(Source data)
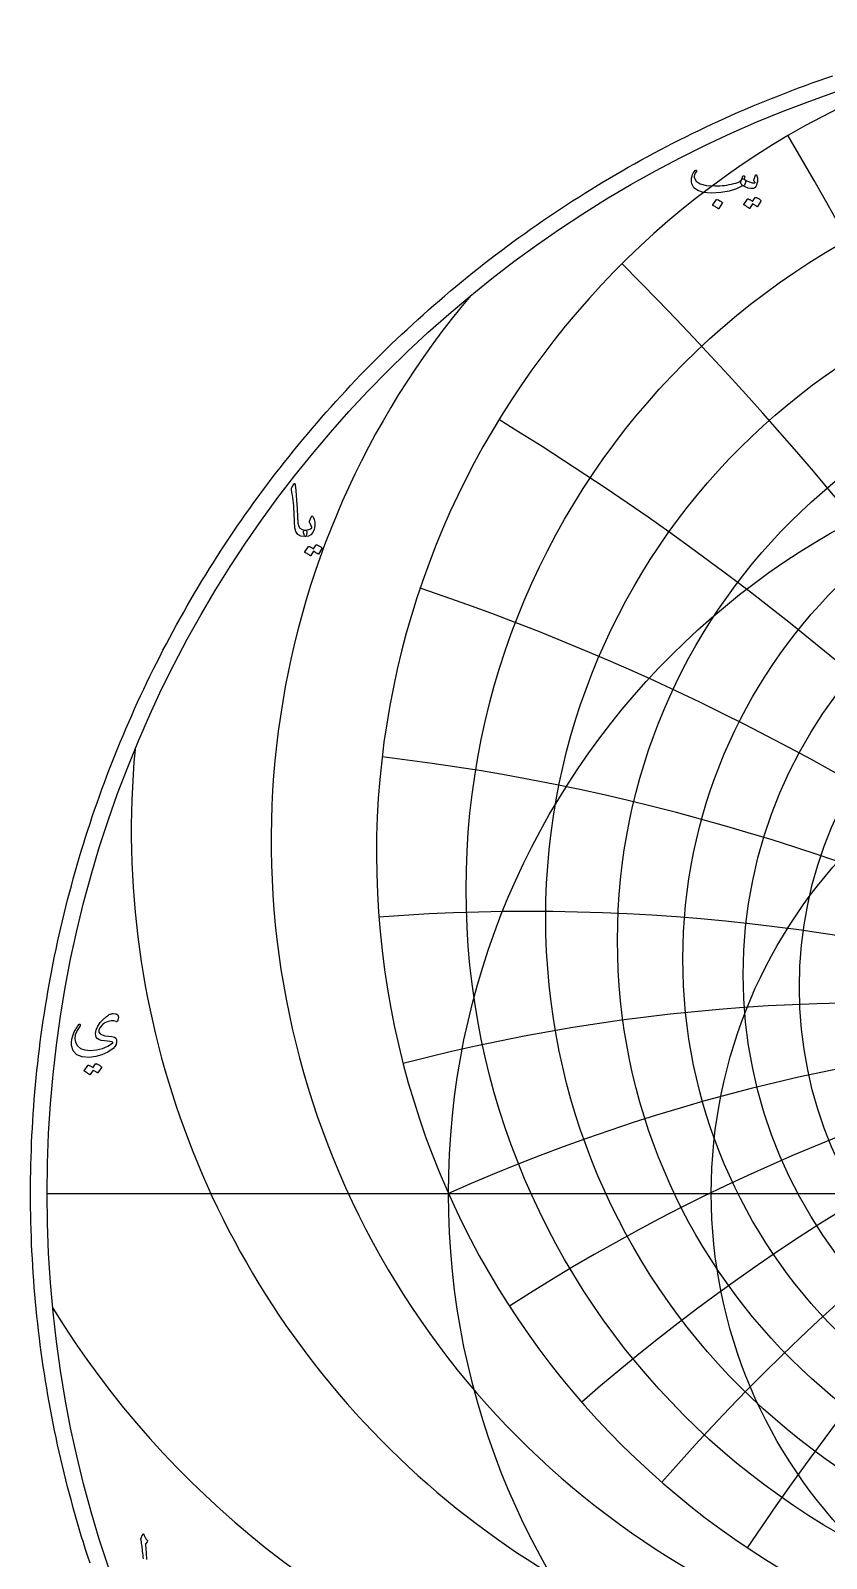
# Model space of a CAD drawing. Header units: millimetres. Extents: x -62 to 62, y -62 to 63.
# Drawn here: x -61.6 to -20, y -19.1 to 60.8 of the extents above; entities that cross this region are included whole.
import ezdxf

# ---------------------------------------------------------------- set-up
doc = ezdxf.new("R2010")
doc.units = ezdxf.units.MM
for name, color, linetype in [('CUT_OUTER', 1, 'Continuous'), ('ENGRAVE', 7, 'Continuous'), ('ENGRAVE_FINE', 8, 'Continuous'), ('TEXT', 5, 'Continuous')]:
    doc.layers.add(name, color=color, linetype=linetype)

msp = doc.modelspace()

# ---------------------------------------------------------------- linework, layer by layer
at = {"layer": 'CUT_OUTER'}
msp.add_lwpolyline([(-58.5028, -19.3267), (-58.6203, -18.9674), (-58.7356, -18.6073), (-58.8486, -18.2466), (-58.9595, -17.8852), (-59.0681, -17.5231), (-59.1745, -17.1603), (-59.2787, -16.7969), (-59.3807, -16.4328), (-59.4804, -16.0682), (-59.5778, -15.7029), (-59.6731, -15.3371), (-59.7661, -14.9706), (-59.8568, -14.6036), (-59.9453, -14.2361), (-60.0315, -13.868), (-60.1154, -13.4994), (-60.1971, -13.1303), (-60.2766, -12.7606), (-60.3537, -12.3906), (-60.4286, -12.02), (-60.5012, -11.649), (-60.5716, -11.2775), (-60.6396, -10.9057), (-60.7054, -10.5334), (-60.7689, -10.1607), (-60.8301, -9.7876), (-60.889, -9.4142), (-60.9456, -9.0404), (-61, -8.6663), (-61.052, -8.2919), (-61.1017, -7.9171), (-61.1491, -7.542), (-61.1943, -7.1667), (-61.2371, -6.7911), (-61.2776, -6.4152), (-61.3158, -6.0391), (-61.3517, -5.6627), (-61.3853, -5.2862), (-61.4166, -4.9094), (-61.4456, -4.5325), (-61.4722, -4.1554), (-61.4966, -3.7781), (-61.5186, -3.4007), (-61.5383, -3.0232), (-61.5557, -2.6455), (-61.5708, -2.2678), (-61.5835, -1.89), (-61.5939, -1.512), (-61.6021, -1.1341), (-61.6079, -0.7561), (-61.6113, -0.378), (-61.6125, 0), (-61.6113, 0.378), (-61.6079, 0.7561), (-61.6021, 1.1341), (-61.5939, 1.512), (-61.5835, 1.89), (-61.5708, 2.2678), (-61.5557, 2.6455), (-61.5383, 3.0232), (-61.5186, 3.4007), (-61.4966, 3.7781), (-61.4722, 4.1554), (-61.4456, 4.5325), (-61.4166, 4.9094), (-61.3853, 5.2862), (-61.3517, 5.6627), (-61.3158, 6.0391), (-61.2776, 6.4152), (-61.2371, 6.7911), (-61.1943, 7.1667), (-61.1491, 7.542), (-61.1017, 7.9171), (-61.052, 8.2919), (-61, 8.6663), (-60.9456, 9.0404), (-60.889, 9.4142), (-60.8301, 9.7876), (-60.7689, 10.1607), (-60.7054, 10.5334), (-60.6396, 10.9057), (-60.5716, 11.2775), (-60.5012, 11.649), (-60.4286, 12.02), (-60.3537, 12.3906), (-60.2766, 12.7606), (-60.1971, 13.1303), (-60.1154, 13.4994), (-60.0315, 13.868), (-59.9453, 14.2361), (-59.8568, 14.6036), (-59.7661, 14.9706), (-59.6731, 15.3371), (-59.5778, 15.7029), (-59.4804, 16.0682), (-59.3807, 16.4328), (-59.2787, 16.7969), (-59.1745, 17.1603), (-59.0681, 17.5231), (-58.9595, 17.8852), (-58.8486, 18.2466), (-58.7356, 18.6073), (-58.6203, 18.9674), (-58.5028, 19.3267), (-58.3831, 19.6853), (-58.2612, 20.0432), (-58.1372, 20.4003), (-58.0109, 20.7566), (-57.8824, 21.1122), (-57.7518, 21.4669), (-57.619, 21.8209), (-57.484, 22.174), (-57.3469, 22.5263), (-57.2076, 22.8778), (-57.0661, 23.2284), (-56.9225, 23.5781), (-56.7768, 23.9269), (-56.6289, 24.2748), (-56.4789, 24.6218), (-56.3267, 24.9679), (-56.1725, 25.3131), (-56.0161, 25.6573), (-55.8576, 26.0005), (-55.697, 26.3427), (-55.5344, 26.684), (-55.3696, 27.0242), (-55.2027, 27.3635), (-55.0338, 27.7017), (-54.8628, 28.0388), (-54.6897, 28.3749), (-54.5146, 28.71), (-54.3374, 29.0439), (-54.1581, 29.3768), (-53.9769, 29.7085), (-53.7936, 30.0392), (-53.6082, 30.3687), (-53.4209, 30.6971), (-53.2315, 31.0243), (-53.0402, 31.3503), (-52.8468, 31.6752), (-52.6515, 31.9988), (-52.4541, 32.3213), (-52.2548, 32.6425), (-52.0535, 32.9625), (-51.8503, 33.2813), (-51.6451, 33.5988), (-51.438, 33.9151), (-51.2289, 34.2301), (-51.0179, 34.5438), (-50.805, 34.8562), (-50.5902, 35.1672), (-50.3734, 35.477), (-50.1548, 35.7854), (-49.9343, 36.0925), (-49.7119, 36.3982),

What needs to be done:
Which of the lines above hold the string "ezdxf"? Copy each one.

The completed task:
import ezdxf
doc = ezdxf.new("R2010")
doc.units = ezdxf.units.MM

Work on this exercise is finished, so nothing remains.